Your reply should be one number: how many lines of the material contain the word "concentrator".
DATA RECORDS Block Start
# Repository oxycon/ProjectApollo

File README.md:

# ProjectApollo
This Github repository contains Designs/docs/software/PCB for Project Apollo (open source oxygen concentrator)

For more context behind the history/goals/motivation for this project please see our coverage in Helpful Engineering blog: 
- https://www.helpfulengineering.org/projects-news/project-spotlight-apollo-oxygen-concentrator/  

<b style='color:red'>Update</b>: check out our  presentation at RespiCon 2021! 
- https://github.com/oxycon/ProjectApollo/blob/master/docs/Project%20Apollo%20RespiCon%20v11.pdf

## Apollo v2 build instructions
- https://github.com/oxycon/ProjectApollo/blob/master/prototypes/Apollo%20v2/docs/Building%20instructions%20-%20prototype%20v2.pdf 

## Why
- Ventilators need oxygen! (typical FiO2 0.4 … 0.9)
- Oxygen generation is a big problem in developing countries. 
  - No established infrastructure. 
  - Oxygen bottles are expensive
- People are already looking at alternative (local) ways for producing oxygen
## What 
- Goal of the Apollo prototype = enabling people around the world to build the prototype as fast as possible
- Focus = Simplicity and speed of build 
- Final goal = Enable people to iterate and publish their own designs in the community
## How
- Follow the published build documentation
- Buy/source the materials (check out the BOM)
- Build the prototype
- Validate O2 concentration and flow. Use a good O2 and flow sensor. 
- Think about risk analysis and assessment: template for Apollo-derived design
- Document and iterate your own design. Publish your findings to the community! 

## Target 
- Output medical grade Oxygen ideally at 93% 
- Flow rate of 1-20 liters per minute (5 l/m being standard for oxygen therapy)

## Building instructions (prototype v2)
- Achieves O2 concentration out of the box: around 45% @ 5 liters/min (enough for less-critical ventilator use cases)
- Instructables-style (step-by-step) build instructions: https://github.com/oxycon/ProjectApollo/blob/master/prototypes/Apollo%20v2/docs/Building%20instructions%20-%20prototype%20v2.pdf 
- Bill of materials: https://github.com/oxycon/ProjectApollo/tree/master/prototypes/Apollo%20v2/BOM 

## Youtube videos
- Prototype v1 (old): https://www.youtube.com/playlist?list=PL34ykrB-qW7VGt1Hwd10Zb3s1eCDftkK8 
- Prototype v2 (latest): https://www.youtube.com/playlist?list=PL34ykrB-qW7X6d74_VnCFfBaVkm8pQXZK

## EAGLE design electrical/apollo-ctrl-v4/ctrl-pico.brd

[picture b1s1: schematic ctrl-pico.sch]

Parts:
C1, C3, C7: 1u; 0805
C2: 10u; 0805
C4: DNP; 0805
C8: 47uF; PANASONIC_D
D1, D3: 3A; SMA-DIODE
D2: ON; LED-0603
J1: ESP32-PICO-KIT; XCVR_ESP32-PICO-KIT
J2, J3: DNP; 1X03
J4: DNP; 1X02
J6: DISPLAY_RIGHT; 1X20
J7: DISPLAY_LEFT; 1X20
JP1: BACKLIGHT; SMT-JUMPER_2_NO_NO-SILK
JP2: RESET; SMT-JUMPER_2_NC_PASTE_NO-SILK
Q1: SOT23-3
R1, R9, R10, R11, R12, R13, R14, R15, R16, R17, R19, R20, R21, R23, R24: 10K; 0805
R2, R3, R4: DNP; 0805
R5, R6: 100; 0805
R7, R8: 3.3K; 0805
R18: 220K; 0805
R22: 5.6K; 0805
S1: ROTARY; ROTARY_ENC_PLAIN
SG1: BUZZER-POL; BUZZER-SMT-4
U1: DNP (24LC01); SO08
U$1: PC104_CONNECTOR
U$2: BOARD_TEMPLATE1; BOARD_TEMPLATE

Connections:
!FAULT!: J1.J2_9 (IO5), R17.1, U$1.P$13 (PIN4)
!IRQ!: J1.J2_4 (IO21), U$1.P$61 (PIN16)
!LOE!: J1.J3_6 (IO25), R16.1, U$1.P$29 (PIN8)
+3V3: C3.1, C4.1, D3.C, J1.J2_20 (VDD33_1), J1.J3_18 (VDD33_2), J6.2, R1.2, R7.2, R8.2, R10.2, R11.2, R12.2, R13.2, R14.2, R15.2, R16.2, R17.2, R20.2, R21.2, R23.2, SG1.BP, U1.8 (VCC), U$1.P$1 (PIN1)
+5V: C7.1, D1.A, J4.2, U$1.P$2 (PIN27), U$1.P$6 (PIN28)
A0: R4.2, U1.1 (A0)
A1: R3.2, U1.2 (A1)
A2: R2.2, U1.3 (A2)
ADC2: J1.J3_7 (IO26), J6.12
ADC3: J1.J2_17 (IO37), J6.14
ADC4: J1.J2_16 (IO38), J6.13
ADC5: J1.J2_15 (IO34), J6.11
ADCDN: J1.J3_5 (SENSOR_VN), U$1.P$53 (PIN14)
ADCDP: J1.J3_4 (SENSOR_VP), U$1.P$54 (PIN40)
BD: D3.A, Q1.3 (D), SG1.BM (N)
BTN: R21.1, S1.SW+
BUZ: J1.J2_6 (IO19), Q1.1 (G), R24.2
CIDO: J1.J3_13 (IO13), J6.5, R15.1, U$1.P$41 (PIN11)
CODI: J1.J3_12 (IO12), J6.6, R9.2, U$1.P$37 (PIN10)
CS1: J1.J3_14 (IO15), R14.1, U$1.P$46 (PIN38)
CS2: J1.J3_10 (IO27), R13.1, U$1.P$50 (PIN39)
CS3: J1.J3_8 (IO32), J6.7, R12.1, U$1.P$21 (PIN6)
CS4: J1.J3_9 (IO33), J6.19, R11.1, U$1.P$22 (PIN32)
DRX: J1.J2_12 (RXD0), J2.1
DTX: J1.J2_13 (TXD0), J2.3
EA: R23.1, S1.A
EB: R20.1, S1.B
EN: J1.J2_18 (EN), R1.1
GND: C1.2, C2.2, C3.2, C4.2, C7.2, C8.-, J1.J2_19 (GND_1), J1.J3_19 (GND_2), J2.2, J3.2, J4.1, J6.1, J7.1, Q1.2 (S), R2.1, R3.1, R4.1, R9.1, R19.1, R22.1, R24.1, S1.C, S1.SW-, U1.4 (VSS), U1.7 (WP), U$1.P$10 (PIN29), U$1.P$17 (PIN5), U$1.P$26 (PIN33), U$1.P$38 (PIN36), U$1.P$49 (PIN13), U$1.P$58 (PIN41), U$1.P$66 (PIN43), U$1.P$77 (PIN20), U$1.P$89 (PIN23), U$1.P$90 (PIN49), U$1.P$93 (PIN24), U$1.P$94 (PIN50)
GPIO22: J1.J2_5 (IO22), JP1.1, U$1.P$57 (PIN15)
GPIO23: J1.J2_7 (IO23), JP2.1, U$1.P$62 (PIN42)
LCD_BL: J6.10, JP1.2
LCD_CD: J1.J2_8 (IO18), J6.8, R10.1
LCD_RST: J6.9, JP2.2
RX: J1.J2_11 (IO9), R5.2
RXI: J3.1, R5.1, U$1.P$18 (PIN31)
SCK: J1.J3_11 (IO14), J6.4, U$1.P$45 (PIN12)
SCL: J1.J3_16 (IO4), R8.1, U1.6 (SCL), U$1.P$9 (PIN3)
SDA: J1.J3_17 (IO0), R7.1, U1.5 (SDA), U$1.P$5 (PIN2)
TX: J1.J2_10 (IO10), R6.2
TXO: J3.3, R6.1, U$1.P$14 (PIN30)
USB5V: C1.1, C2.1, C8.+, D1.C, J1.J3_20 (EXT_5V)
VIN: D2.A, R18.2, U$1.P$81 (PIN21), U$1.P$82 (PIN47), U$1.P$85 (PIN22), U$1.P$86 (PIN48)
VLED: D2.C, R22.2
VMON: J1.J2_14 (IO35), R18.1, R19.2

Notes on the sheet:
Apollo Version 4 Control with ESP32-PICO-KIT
DATA RECORDS Block End
> REPLY TO THE TASK
2